The most difficult class separation in this dataset is versicolor and virginica. The violins for each of these classes tell us that the two techniques actually produce different results. Using the setosa distribution as a reference in both plots, the LDA versicolor distribution is tighter (that is, wider and shorter) than the PCA one, causing its interquartile range to be further separated from the interquartile range of the virginica distribution.
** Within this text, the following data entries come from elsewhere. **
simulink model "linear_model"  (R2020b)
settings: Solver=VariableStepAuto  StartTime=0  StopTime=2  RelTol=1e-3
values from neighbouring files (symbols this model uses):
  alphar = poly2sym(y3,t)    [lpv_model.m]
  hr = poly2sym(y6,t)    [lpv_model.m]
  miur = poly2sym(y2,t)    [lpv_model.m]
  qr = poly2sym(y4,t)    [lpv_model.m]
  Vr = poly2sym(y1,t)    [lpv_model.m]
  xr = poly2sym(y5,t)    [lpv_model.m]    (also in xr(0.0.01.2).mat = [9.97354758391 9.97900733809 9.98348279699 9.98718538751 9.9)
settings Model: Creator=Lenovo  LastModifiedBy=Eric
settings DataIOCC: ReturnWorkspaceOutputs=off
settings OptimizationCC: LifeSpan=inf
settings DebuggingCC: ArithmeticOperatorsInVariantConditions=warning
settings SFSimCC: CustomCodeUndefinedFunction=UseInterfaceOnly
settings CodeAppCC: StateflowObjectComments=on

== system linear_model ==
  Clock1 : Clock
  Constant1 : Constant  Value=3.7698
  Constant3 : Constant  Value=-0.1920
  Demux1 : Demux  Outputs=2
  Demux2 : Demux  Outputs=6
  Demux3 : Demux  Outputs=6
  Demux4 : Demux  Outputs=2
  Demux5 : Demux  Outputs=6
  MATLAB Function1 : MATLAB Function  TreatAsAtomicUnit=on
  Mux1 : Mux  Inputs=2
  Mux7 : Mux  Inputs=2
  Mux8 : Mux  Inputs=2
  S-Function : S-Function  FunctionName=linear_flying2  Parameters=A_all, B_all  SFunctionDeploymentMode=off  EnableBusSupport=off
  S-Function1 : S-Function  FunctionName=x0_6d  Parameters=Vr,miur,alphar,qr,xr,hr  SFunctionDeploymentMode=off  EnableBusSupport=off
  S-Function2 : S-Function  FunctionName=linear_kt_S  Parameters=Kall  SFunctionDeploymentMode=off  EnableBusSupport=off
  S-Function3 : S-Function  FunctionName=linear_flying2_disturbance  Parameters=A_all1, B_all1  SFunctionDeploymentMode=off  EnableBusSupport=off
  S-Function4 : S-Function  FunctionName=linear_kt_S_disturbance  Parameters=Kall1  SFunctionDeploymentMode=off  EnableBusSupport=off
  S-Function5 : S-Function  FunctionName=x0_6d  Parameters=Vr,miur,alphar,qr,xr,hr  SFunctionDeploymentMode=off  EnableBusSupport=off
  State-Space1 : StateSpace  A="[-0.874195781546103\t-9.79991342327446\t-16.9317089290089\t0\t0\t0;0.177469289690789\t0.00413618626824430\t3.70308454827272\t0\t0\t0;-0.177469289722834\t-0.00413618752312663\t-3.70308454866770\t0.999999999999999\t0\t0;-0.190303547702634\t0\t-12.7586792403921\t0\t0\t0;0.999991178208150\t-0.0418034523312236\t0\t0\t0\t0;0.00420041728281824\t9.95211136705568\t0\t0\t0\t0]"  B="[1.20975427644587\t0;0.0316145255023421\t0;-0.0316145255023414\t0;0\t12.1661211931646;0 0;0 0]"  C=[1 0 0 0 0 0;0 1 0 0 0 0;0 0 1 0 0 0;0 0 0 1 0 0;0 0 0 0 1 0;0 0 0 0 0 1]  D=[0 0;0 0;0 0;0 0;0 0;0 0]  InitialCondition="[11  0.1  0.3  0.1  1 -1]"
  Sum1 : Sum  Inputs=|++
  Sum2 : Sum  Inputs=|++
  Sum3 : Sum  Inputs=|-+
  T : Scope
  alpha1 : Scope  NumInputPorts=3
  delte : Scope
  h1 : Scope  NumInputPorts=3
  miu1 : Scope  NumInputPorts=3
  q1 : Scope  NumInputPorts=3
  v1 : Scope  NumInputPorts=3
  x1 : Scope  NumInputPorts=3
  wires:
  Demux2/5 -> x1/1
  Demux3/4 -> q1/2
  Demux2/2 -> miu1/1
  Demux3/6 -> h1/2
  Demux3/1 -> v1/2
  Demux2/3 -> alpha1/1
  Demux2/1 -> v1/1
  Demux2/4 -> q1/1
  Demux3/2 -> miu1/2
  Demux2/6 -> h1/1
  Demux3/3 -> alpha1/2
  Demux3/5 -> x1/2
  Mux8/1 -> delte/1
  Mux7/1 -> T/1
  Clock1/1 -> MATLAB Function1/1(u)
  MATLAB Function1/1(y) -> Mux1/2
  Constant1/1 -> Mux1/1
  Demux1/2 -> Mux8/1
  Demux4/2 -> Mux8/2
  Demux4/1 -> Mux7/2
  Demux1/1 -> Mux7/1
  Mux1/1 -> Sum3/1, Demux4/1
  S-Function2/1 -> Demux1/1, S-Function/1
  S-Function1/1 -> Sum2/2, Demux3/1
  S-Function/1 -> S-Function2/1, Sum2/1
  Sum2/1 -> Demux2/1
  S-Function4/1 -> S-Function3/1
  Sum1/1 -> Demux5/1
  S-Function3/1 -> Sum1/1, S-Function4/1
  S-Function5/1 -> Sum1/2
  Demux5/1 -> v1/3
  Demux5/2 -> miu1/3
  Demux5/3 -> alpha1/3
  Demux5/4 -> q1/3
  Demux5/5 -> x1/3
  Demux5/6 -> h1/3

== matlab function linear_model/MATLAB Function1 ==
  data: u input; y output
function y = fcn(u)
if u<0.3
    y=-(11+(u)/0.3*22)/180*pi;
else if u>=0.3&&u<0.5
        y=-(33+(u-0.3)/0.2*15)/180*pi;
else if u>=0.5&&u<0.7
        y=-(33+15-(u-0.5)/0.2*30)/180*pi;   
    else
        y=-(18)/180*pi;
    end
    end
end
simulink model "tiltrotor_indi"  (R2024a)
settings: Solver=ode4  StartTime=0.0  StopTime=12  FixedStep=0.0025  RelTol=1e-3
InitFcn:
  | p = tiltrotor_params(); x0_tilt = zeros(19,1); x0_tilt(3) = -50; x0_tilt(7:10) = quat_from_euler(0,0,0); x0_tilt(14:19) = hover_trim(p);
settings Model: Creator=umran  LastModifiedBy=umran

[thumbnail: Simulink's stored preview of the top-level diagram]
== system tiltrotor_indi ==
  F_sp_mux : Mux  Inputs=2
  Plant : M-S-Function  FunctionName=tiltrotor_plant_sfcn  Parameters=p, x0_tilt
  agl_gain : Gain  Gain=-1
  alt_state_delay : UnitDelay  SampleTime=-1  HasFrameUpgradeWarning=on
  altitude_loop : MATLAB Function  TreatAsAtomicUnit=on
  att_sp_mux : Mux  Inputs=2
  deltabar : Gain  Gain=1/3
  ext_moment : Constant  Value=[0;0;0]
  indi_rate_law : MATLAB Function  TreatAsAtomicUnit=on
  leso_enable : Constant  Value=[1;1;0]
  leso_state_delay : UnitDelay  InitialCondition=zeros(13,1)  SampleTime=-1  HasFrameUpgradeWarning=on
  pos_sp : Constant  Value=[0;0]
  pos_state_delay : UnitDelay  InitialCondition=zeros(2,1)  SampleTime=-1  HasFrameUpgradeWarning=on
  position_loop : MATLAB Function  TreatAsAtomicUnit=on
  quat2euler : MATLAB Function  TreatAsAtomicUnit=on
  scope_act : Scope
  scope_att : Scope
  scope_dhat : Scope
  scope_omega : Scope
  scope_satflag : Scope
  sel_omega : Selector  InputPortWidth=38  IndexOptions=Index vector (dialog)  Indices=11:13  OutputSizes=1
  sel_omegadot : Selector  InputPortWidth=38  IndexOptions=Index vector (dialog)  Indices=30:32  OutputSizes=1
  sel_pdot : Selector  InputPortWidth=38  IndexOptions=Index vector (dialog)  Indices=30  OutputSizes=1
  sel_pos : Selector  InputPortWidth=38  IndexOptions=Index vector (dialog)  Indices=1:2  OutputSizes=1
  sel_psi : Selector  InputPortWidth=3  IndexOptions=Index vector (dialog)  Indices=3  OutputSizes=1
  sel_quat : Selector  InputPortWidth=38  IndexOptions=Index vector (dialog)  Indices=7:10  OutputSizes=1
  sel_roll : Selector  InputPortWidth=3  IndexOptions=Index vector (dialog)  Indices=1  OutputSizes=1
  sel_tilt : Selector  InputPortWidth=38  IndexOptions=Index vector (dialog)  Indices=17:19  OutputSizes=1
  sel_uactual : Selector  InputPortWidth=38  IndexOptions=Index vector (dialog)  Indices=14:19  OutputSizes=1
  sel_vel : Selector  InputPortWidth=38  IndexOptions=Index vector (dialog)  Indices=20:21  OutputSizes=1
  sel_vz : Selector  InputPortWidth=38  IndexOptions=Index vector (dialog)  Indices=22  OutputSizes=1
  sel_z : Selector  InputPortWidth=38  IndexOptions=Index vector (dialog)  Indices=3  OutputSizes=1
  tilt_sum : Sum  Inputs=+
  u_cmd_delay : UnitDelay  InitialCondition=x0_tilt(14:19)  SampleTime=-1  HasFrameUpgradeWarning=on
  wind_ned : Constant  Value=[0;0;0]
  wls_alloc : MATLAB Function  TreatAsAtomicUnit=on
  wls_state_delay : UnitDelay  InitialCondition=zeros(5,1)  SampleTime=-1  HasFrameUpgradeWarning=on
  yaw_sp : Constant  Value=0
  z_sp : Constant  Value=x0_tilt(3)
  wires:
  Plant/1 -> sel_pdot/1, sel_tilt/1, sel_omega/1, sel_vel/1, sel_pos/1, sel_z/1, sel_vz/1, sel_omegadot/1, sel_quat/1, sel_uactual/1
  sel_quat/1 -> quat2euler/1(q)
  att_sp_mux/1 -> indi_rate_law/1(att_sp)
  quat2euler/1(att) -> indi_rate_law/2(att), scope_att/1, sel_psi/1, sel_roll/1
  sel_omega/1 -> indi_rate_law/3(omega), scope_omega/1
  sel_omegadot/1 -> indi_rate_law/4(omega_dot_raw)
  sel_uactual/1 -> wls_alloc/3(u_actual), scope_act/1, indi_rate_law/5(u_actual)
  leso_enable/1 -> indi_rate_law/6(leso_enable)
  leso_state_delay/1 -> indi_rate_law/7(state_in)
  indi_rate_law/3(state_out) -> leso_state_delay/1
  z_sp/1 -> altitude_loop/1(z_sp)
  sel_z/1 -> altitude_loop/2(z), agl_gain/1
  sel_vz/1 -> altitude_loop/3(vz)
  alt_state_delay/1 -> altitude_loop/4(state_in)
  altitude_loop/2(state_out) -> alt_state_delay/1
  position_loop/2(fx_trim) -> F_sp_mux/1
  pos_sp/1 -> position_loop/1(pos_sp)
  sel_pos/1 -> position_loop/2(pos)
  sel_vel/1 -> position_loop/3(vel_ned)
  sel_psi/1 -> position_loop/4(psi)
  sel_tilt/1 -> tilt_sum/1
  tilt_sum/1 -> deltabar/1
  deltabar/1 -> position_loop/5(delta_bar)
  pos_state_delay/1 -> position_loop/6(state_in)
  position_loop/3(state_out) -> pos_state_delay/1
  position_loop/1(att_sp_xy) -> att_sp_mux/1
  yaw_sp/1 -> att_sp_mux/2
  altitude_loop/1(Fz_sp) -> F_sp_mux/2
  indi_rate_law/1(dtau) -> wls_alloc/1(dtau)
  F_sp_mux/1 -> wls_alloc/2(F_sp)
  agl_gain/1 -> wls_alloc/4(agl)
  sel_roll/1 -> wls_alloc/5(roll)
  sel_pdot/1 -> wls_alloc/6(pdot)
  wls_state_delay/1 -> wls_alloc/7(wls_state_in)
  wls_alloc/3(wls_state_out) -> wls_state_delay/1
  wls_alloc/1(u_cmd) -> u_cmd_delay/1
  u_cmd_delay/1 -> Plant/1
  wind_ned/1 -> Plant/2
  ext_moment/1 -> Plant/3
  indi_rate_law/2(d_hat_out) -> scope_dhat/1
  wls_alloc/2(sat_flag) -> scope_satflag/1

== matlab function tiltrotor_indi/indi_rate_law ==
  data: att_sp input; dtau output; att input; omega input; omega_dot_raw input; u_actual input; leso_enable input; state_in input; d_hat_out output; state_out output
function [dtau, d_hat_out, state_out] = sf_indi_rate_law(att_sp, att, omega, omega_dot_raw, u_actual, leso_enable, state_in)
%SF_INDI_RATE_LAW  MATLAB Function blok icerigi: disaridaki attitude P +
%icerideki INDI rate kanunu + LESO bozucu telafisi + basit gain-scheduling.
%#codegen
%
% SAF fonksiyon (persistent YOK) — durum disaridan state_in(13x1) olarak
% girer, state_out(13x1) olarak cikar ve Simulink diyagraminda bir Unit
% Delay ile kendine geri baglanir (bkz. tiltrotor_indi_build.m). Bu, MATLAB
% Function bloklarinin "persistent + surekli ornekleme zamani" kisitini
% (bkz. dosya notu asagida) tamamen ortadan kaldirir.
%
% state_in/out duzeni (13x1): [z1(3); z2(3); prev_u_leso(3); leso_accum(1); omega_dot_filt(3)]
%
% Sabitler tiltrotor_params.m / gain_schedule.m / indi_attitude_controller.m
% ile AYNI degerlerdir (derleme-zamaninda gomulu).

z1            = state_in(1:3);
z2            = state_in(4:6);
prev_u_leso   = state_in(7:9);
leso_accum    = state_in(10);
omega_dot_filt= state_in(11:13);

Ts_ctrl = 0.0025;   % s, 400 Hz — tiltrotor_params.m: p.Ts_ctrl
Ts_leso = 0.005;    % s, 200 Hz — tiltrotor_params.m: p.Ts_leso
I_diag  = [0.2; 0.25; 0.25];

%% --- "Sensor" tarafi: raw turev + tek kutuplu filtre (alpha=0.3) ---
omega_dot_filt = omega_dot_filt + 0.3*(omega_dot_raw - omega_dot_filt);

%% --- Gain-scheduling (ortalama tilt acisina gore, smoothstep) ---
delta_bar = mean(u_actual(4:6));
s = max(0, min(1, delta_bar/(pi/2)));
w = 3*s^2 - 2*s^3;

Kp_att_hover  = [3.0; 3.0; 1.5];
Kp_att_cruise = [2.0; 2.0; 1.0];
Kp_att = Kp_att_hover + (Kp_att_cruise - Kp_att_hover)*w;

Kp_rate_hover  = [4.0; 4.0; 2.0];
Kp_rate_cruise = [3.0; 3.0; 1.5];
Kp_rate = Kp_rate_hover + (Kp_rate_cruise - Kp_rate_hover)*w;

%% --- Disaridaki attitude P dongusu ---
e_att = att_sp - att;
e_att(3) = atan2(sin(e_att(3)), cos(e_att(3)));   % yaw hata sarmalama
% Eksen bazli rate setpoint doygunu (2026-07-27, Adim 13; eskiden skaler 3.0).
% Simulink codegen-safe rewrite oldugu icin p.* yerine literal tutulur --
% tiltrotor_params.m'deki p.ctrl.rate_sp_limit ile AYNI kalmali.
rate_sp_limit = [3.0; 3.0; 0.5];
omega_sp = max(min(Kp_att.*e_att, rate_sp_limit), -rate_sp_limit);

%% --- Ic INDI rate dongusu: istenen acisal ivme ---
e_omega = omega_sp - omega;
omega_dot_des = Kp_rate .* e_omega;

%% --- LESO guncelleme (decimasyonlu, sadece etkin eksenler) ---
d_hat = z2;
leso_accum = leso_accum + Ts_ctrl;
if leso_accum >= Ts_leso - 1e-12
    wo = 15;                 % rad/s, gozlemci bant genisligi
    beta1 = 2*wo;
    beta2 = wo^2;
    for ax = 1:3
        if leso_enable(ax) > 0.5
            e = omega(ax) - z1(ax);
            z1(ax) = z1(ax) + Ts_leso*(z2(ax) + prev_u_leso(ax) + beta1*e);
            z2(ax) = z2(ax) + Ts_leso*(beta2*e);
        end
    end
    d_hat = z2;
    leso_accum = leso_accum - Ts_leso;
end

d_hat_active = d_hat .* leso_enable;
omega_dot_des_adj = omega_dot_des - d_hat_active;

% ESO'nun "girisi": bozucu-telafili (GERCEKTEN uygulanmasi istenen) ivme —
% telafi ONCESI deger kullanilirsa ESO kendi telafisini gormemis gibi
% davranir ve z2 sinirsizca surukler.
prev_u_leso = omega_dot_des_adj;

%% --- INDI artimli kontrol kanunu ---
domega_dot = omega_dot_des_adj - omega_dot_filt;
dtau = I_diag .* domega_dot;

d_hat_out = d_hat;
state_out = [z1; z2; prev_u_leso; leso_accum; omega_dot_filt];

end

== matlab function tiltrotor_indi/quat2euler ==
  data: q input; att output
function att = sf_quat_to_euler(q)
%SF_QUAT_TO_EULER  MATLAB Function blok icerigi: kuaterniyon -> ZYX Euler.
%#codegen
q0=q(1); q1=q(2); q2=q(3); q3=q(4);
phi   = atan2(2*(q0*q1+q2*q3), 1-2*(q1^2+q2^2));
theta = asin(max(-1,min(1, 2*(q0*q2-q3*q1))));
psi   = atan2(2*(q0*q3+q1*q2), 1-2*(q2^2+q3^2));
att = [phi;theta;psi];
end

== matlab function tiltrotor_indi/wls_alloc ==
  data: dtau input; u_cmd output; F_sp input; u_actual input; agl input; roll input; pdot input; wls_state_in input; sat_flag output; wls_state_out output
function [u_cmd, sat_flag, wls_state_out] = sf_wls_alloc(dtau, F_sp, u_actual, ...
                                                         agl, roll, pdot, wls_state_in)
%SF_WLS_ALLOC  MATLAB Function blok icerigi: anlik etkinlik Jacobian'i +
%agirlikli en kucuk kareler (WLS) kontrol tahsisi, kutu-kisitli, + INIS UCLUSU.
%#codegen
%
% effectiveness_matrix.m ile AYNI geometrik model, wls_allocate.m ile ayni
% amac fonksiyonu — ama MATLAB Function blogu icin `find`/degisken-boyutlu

If this analysis is not rigorous enough for you, we can easily quantify this difference by using a clustering algorithm on the data. Let's use the k-means clustering algorithm to mathematically group the data together, and then use the quantitative metric called silhouette coefficient to score the tightness of the resulting clusters – a higher score means tighter clusters. Since the k-means algorithm is very straightforward and the quality of the grouping is directly related to the quality of the input data, tighter clusters will prove that the input features separate the classes better:

# cluster With k-means and check silhouette score
from sklearn.cluster import KMeans
from sklearn.metrics import silhouette_score

# initialize k-means algo object
kmns = KMeans(n_clusters=3, random_state=42)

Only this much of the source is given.